Greenville Pop Up Business District
Regarding the Pop Up Business District, Rachael Goings’ Valley Grind coffee trailer and Samantha Prior’s Crush-a-Bowl food trailer are planning to open within the next eight days. Other businesses are waiting anxiously to have the rest of the Pop Up property returned so they can open. This is going to be an exciting and much needed addition to Greenville!
Indian Valley Innovation Hub
Last Saturday, April 30, the Indian Valley Innovation Hub, led by John Steffanic, met with interested residents at Greenville Elementary School. The goal of the Hub is to support businesses in making, raising, or growing products to export out of Plumas County. The Hub will now form a board of directors and a review team and invite people to present their ideas to the review team. The Hub will help them flesh out those ideas and support innovators with legal, developmental, marketing and distribution help. Contact Kest Porter at firstname.lastname@example.org with ideas or questions.
Internet in Indian Valley
We all want fiber optic cable in Indian Valley, and we hope it will happen next fall.
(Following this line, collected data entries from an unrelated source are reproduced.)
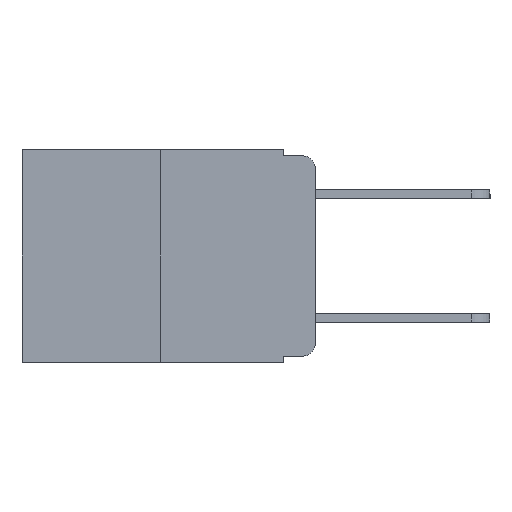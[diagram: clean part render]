
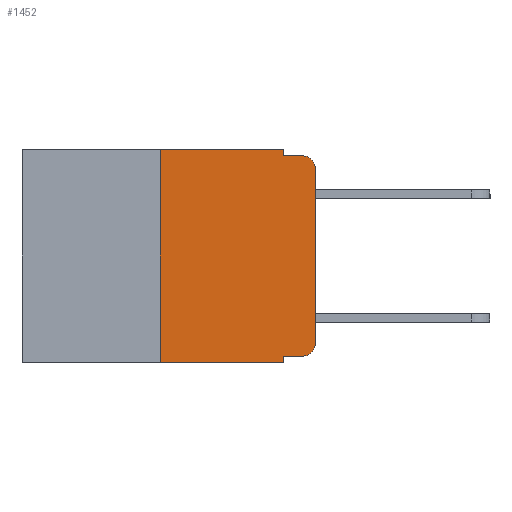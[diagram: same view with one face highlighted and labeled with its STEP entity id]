
A CAD part, left-side view. The second image highlights one B-rep face of the part: STEP entity #1452.
In plain terms, the highlighted planar face has unit normal (-1, 0, 0).
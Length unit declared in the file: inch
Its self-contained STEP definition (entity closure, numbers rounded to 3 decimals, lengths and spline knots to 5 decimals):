
#612 = ORIENTED_EDGE ( 'NONE', *, *, #9261, .F. ) ;
#646 = LINE ( 'NONE', #16571, #14742 ) ;
#1452 = ADVANCED_FACE ( 'NONE', ( #16138 ), #7916, .F. ) ;
#1596 = VERTEX_POINT ( 'NONE', #5423 ) ;
#2049 = VERTEX_POINT ( 'NONE', #4636 ) ;
#2126 = CARTESIAN_POINT ( 'NONE',  ( 0., 0.25, -0.343 ) ) ;
#2206 = CARTESIAN_POINT ( 'NONE',  ( 0., 0.02, -0.01 ) ) ;
#3637 = CARTESIAN_POINT ( 'NONE',  ( 0., 0.02, -0.03 ) ) ;
#3714 = ORIENTED_EDGE ( 'NONE', *, *, #9358, .T. ) ;
#3771 = CARTESIAN_POINT ( 'NONE',  ( 0., 0.25, 0. ) ) ;
#4080 = CARTESIAN_POINT ( 'NONE',  ( 0., 0.02, -0.313 ) ) ;
#4338 = VERTEX_POINT ( 'NONE', #12189 ) ;
#4628 = LINE ( 'NONE', #7933, #11293 ) ;
#4636 = CARTESIAN_POINT ( 'NONE',  ( 0., 0.02, -0.333 ) ) ;
#4985 = AXIS2_PLACEMENT_3D ( 'NONE', #9065, #14632, #7762 ) ;
#5042 = LINE ( 'NONE', #3771, #15099 ) ;
#5096 = DIRECTION ( 'NONE',  ( 0., 0., -1. ) ) ;
#5411 = AXIS2_PLACEMENT_3D ( 'NONE', #4080, #13446, #5489 ) ;
#5423 = CARTESIAN_POINT ( 'NONE',  ( 0., 0.051, -0.333 ) ) ;
#5489 = DIRECTION ( 'NONE',  ( 0., 0., -1. ) ) ;
#5634 = LINE ( 'NONE', #11788, #12319 ) ;
#5825 = VERTEX_POINT ( 'NONE', #2126 ) ;
#6331 = EDGE_CURVE ( 'NONE', #10420, #10372, #646, .T. ) ;
#6540 = CIRCLE ( 'NONE', #5411, 0.02 ) ;
#6773 = DIRECTION ( 'NONE',  ( 0., -1., 0. ) ) ;
#6974 = ORIENTED_EDGE ( 'NONE', *, *, #9241, .T. ) ;
#6985 = VECTOR ( 'NONE', #6773, 39.37008 ) ;
#7276 = EDGE_CURVE ( 'NONE', #5825, #15088, #9375, .T. ) ;
#7725 = CARTESIAN_POINT ( 'NONE',  ( 0., 0., 0. ) ) ;
#7762 = DIRECTION ( 'NONE',  ( 0., 0., -1. ) ) ;
#7778 = CARTESIAN_POINT ( 'NONE',  ( 0., 0.051, -0.01 ) ) ;
#7916 = PLANE ( 'NONE',  #4985 ) ;
#7933 = CARTESIAN_POINT ( 'NONE',  ( 0., 0.051, 0. ) ) ;
#8043 = CARTESIAN_POINT ( 'NONE',  ( 0., 0.051, -0.333 ) ) ;
#8995 = AXIS2_PLACEMENT_3D ( 'NONE', #3637, #13022, #5096 ) ;
#9064 = DIRECTION ( 'NONE',  ( 0., 0., 1. ) ) ;
#9065 = CARTESIAN_POINT ( 'NONE',  ( 0., 0.473, 0. ) ) ;
#9121 = DIRECTION ( 'NONE',  ( 0., -1., 0. ) ) ;
#9193 = VECTOR ( 'NONE', #9121, 39.37008 ) ;
#9239 = EDGE_CURVE ( 'NONE', #9610, #4338, #13935, .T. ) ;
#9241 = EDGE_CURVE ( 'NONE', #4338, #10022, #13083, .T. ) ;
#9261 = EDGE_CURVE ( 'NONE', #10157, #10022, #13536, .T. ) ;
#9264 = EDGE_CURVE ( 'NONE', #10372, #10157, #5634, .T. ) ;
#9291 = EDGE_CURVE ( 'NONE', #5825, #10420, #5042, .T. ) ;
#9315 = EDGE_CURVE ( 'NONE', #1596, #15088, #4628, .T. ) ;
#9338 = EDGE_CURVE ( 'NONE', #1596, #2049, #14361, .T. ) ;
#9358 = EDGE_CURVE ( 'NONE', #2049, #9610, #6540, .T. ) ;
#9375 = LINE ( 'NONE', #12777, #12883 ) ;
#9610 = VERTEX_POINT ( 'NONE', #15629 ) ;
#9612 = VECTOR ( 'NONE', #9064, 39.37008 ) ;
#10022 = VERTEX_POINT ( 'NONE', #2206 ) ;
#10157 = VERTEX_POINT ( 'NONE', #10671 ) ;
#10372 = VERTEX_POINT ( 'NONE', #14790 ) ;
#10420 = VERTEX_POINT ( 'NONE', #13585 ) ;
#10671 = CARTESIAN_POINT ( 'NONE',  ( 0., 0.051, -0.01 ) ) ;
#11187 = EDGE_LOOP ( 'NONE', ( #12121, #6974, #612, #15190, #13796, #14300, #15914, #15685, #15632, #3714 ) ) ;
#11293 = VECTOR ( 'NONE', #15700, 39.37008 ) ;
#11468 = DIRECTION ( 'NONE',  ( 0., -1., 0. ) ) ;
#11788 = CARTESIAN_POINT ( 'NONE',  ( 0., 0.051, 0. ) ) ;
#12121 = ORIENTED_EDGE ( 'NONE', *, *, #9239, .T. ) ;
#12189 = CARTESIAN_POINT ( 'NONE',  ( 0., 0., -0.03 ) ) ;
#12319 = VECTOR ( 'NONE', #13064, 39.37008 ) ;
#12777 = CARTESIAN_POINT ( 'NONE',  ( 0., 0.473, -0.343 ) ) ;
#12883 = VECTOR ( 'NONE', #11468, 39.37008 ) ;
#13022 = DIRECTION ( 'NONE',  ( -1., 0., 0. ) ) ;
#13064 = DIRECTION ( 'NONE',  ( 0., 0., -1. ) ) ;
#13083 = CIRCLE ( 'NONE', #8995, 0.02 ) ;
#13128 = DIRECTION ( 'NONE',  ( 0., 0., 1. ) ) ;
#13446 = DIRECTION ( 'NONE',  ( -1., 0., 0. ) ) ;
#13536 = LINE ( 'NONE', #7778, #9193 ) ;
#13585 = CARTESIAN_POINT ( 'NONE',  ( 0., 0.25, 0. ) ) ;
#13796 = ORIENTED_EDGE ( 'NONE', *, *, #6331, .F. ) ;
#13935 = LINE ( 'NONE', #7725, #9612 ) ;
#14240 = DIRECTION ( 'NONE',  ( 0., -1., 0. ) ) ;
#14300 = ORIENTED_EDGE ( 'NONE', *, *, #9291, .F. ) ;
#14361 = LINE ( 'NONE', #8043, #6985 ) ;
#14632 = DIRECTION ( 'NONE',  ( 1., 0., 0. ) ) ;
#14742 = VECTOR ( 'NONE', #14240, 39.37008 ) ;
#14790 = CARTESIAN_POINT ( 'NONE',  ( 0., 0.051, 0. ) ) ;
#15088 = VERTEX_POINT ( 'NONE', #16200 ) ;
#15099 = VECTOR ( 'NONE', #13128, 39.37008 ) ;
#15190 = ORIENTED_EDGE ( 'NONE', *, *, #9264, .F. ) ;
#15629 = CARTESIAN_POINT ( 'NONE',  ( 0., 0., -0.313 ) ) ;
#15632 = ORIENTED_EDGE ( 'NONE', *, *, #9338, .T. ) ;
#15685 = ORIENTED_EDGE ( 'NONE', *, *, #9315, .F. ) ;
#15700 = DIRECTION ( 'NONE',  ( 0., 0., -1. ) ) ;
#15914 = ORIENTED_EDGE ( 'NONE', *, *, #7276, .T. ) ;
#16138 = FACE_OUTER_BOUND ( 'NONE', #11187, .T. ) ;
#16200 = CARTESIAN_POINT ( 'NONE',  ( 0., 0.051, -0.343 ) ) ;
#16571 = CARTESIAN_POINT ( 'NONE',  ( 0., 0.473, 0. ) ) ;

Meanwhile, an Internet trailer provided to disaster areas free by the Information Technology Disaster Resource Center and T-Mobile has arrived in Greenville and is being prepared for operation to improve Internet in the downtown area. Even better, they are planning network improvements that will offer significant benefits and opportunities for the entire community by increasing data speed and throughput. It is hoped that it will satisfy Plumas Banks’ Internet needs for a local ATM.
Finally, we discovered that there is a way to provide a Title 25 ordinance to waive the sprinkler requirement for qualifying new buildings. We are requesting that the County pursue this issue and will update the community as we learn more.
Looking for a quiet place to read, study, or write? The Greenville Library is open and provides not only books for all, but a quiet space to enjoy them. Support your local library and keep these services going in Indian Valley. Summer is a great time to encourage your kids to read!
Music on the Green
Fun times are to be had on May 15th at Greenville High School from 2 - 5 pm!
In rebuilding news, Riley's Jerky is making a lot of progress on their new facility. The best place to follow their rebuilding progress is on their Facebook page:
J&C Enterprises Sawmill
Exciting day for Indian Valley! The Sierra Institute is hosting a sawmill ribbon cutting ceremony and celebration that is open to the public on Wednesday, May 18, from 1-4 pm. You can read more about the sawmill project, the ceremony, and more at:
May is Wildfire Prevention Month!
Join others in your community for two important wildfire prevention events taking place May 13th at Feather River College and May 14th at the Plumas County Fairgrounds. Both events are free.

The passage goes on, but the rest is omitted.